If the language for all text is the same, should I create one JLanguageTool for all threads? Do you have any suggestions to improve?

I also tried to use MultiThreadedJLanguageTool:

for (Text text : texts) {
  resultBuilder.add(
      executor.submit(
          () -> {
            String language = text.getLanguageCode();
            try {
              MultiThreadedJLanguageTool languageTool = new MultiThreadedJLanguageTool(AVAILABLE_LANGUAGES.get(language));
              List<RuleMatch> ruleMatches = languageTool.check(text.getText());
              return generateResult(ruleMatches);
            } catch (Throwable e) {
              logger.atWarning().withCause(e).log(
                  "LanguageTool failed for text: [%s]", text);
              return null;
            }
          }));
}

but I got the following error:

java.lang.RuntimeException: java.lang.InterruptedException
	at org.languagetool.MultiThreadedJLanguageTool.performCheck(MultiThreadedJLanguageTool.java:195)
	at org.languagetool.JLanguageTool.check(JLanguageTool.java:580)
	at org.languagetool.JLanguageTool.check(JLanguageTool.java:555)
	at org.languagetool.JLanguageTool.check(JLanguageTool.java:512)
	at org.languagetool.JLanguageTool.check(JLanguageTool.java:495)

Not sure what’s the issue here. Seems those threads are interrupting each other? but why? They didn’t share anything, right?

It’s expected that the first check is slower. You should create a new JLanguageTool for each thread. Creating JLanguageTool is fast, creating the language can be slow.

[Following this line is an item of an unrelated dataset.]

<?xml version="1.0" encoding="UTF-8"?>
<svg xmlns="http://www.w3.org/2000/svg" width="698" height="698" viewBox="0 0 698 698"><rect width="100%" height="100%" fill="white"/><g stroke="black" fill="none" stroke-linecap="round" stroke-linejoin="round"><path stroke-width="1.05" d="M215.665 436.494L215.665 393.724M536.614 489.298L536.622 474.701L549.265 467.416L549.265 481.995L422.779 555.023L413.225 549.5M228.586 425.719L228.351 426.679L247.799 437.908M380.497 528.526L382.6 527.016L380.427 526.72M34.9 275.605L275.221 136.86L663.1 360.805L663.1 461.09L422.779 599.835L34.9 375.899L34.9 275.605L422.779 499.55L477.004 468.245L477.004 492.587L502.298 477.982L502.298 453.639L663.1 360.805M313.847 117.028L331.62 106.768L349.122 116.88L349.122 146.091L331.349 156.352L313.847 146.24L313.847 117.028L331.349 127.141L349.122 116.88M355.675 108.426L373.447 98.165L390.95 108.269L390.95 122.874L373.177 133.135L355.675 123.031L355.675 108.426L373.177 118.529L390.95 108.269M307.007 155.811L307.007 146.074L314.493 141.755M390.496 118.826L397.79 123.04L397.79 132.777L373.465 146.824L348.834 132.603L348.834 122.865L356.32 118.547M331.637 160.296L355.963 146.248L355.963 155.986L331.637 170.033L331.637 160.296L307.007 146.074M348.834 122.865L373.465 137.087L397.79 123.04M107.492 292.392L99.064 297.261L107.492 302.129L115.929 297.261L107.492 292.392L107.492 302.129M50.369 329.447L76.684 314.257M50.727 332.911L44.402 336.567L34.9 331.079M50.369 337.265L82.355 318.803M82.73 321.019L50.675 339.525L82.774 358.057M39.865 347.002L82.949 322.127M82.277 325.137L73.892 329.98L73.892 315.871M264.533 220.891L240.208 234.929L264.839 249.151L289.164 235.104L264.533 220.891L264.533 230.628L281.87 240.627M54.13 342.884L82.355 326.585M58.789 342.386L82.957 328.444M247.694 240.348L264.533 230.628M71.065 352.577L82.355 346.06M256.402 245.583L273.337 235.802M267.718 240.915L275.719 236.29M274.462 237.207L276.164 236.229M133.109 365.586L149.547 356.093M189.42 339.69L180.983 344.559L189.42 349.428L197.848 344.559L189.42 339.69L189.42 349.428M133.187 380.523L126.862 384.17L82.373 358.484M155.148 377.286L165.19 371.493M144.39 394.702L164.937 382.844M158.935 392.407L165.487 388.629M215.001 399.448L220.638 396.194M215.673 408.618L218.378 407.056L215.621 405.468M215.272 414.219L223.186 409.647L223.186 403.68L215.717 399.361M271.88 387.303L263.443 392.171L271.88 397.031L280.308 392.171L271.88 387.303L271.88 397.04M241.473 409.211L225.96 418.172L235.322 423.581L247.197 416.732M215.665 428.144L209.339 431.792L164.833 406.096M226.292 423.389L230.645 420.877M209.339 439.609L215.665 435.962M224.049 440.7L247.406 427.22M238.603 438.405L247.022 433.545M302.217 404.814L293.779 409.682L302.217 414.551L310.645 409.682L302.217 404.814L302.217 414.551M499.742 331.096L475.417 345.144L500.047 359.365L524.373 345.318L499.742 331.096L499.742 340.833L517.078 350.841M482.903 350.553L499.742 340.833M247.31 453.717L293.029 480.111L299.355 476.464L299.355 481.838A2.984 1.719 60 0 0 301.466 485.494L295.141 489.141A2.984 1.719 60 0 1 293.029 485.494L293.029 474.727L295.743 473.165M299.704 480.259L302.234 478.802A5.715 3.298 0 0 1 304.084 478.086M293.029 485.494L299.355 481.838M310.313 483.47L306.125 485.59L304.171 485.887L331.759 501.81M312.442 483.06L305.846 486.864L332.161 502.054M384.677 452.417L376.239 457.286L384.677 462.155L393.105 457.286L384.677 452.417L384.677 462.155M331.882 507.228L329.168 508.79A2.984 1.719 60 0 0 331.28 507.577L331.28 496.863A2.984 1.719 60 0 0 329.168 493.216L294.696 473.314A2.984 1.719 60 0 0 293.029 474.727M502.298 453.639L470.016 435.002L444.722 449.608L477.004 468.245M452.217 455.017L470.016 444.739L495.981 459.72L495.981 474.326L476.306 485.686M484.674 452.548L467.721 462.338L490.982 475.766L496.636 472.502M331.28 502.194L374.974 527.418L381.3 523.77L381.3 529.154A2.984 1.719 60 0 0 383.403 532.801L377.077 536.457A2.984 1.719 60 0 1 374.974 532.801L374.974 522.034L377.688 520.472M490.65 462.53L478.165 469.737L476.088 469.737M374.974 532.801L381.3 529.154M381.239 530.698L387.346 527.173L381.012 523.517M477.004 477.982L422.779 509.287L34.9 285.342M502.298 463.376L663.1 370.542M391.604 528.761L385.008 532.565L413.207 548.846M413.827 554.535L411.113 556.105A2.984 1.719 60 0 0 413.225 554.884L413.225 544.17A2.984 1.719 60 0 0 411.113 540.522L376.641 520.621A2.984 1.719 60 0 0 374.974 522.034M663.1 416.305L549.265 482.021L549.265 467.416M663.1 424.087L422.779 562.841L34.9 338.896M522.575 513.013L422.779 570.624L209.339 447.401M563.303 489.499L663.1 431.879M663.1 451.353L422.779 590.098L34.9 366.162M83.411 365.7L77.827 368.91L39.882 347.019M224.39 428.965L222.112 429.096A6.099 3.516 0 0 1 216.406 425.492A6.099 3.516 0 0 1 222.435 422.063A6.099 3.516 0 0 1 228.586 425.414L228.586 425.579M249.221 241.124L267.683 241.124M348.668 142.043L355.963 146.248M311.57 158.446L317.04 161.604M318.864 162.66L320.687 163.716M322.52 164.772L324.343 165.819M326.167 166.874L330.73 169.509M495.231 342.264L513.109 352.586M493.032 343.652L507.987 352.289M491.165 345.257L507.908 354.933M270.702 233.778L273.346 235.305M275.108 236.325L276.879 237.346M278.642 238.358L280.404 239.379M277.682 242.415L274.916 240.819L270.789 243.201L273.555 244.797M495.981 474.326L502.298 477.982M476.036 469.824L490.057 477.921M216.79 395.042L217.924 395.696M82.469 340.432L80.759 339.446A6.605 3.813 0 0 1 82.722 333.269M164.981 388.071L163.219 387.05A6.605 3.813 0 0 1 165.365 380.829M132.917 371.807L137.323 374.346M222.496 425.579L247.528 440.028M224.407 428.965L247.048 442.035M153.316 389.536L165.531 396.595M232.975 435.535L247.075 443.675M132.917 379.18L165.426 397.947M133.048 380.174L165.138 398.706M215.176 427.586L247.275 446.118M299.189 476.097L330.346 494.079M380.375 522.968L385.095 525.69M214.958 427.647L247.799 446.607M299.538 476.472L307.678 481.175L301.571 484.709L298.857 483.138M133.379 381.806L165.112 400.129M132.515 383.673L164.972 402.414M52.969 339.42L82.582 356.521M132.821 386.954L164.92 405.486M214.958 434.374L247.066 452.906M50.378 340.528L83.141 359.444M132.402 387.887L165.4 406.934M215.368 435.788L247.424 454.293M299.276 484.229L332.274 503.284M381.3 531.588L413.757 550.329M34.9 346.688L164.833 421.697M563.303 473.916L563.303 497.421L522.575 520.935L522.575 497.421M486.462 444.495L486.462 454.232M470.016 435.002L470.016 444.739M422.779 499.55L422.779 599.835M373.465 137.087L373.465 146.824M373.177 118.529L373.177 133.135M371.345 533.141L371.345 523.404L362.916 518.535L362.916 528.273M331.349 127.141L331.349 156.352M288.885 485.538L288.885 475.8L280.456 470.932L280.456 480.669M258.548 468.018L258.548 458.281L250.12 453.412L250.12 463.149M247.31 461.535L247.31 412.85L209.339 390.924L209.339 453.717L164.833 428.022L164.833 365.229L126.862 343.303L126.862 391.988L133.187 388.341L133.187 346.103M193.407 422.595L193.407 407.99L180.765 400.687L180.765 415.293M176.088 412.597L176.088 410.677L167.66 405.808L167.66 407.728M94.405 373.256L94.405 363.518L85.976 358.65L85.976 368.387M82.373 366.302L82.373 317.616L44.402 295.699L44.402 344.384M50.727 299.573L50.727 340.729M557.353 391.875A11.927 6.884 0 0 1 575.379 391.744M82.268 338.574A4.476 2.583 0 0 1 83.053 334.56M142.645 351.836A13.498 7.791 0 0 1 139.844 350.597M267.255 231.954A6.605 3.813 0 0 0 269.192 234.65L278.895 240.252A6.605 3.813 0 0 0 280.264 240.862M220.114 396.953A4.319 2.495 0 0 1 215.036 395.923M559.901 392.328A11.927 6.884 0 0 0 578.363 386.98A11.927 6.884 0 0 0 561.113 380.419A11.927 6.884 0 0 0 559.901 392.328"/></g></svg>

Could you post the complete stack trace?

Sorry the stack trace is truncated:

java.lang.RuntimeException: java.lang.InterruptedException
	at org.languagetool.MultiThreadedJLanguageTool.performCheck(MultiThreadedJLanguageTool.java:195)
	at org.languagetool.JLanguageTool.check(JLanguageTool.java:580)
	at org.languagetool.JLanguageTool.check(JLanguageTool.java:555)
	at org.languagetool.JLanguageTool.check(JLanguageTool.java:512)
	at org.languagetool.JLanguageTool.check(JLanguageTool.java:495)
	at internal code...
	at java.util.concurrent.ThreadPoolExecutor.runWorker(ThreadPoolExecutor.java:1149)
	at java.util.concurrent.ThreadPoolExecutor$Worker.run(ThreadPoolExecutor.java:624)
	at internal code...
	at java.lang.Thread.run(Thread.java:748)
Caused by: java.lang.InterruptedException
	at java.util.concurrent.FutureTask.awaitDone(FutureTask.java:404)
	at java.util.concurrent.FutureTask.get(FutureTask.java:191)
	at java.util.concurrent.AbstractExecutorService.invokeAll(AbstractExecutorService.java:244)
	at org.languagetool.MultiThreadedJLanguageTool.performCheck(MultiThreadedJLanguageTool.java:190)
	... 12 more

The language is declared as a static variable.

private static final Map<String, Language> AVAILABLE_LANGUAGES = Map.of("pt-BR", new BrazilianPortuguese());

It should be created when the class is loaded. So I think creating JLanguageTool contributed the most latency.

I’m not sure about the stacktrace. Maybe your executor has a timeout that causes this?

About the performance: do you still consider this an issue? It will be tricky to debug here, I think one would need to see the whole code and profile it, preferably in a production-like setting.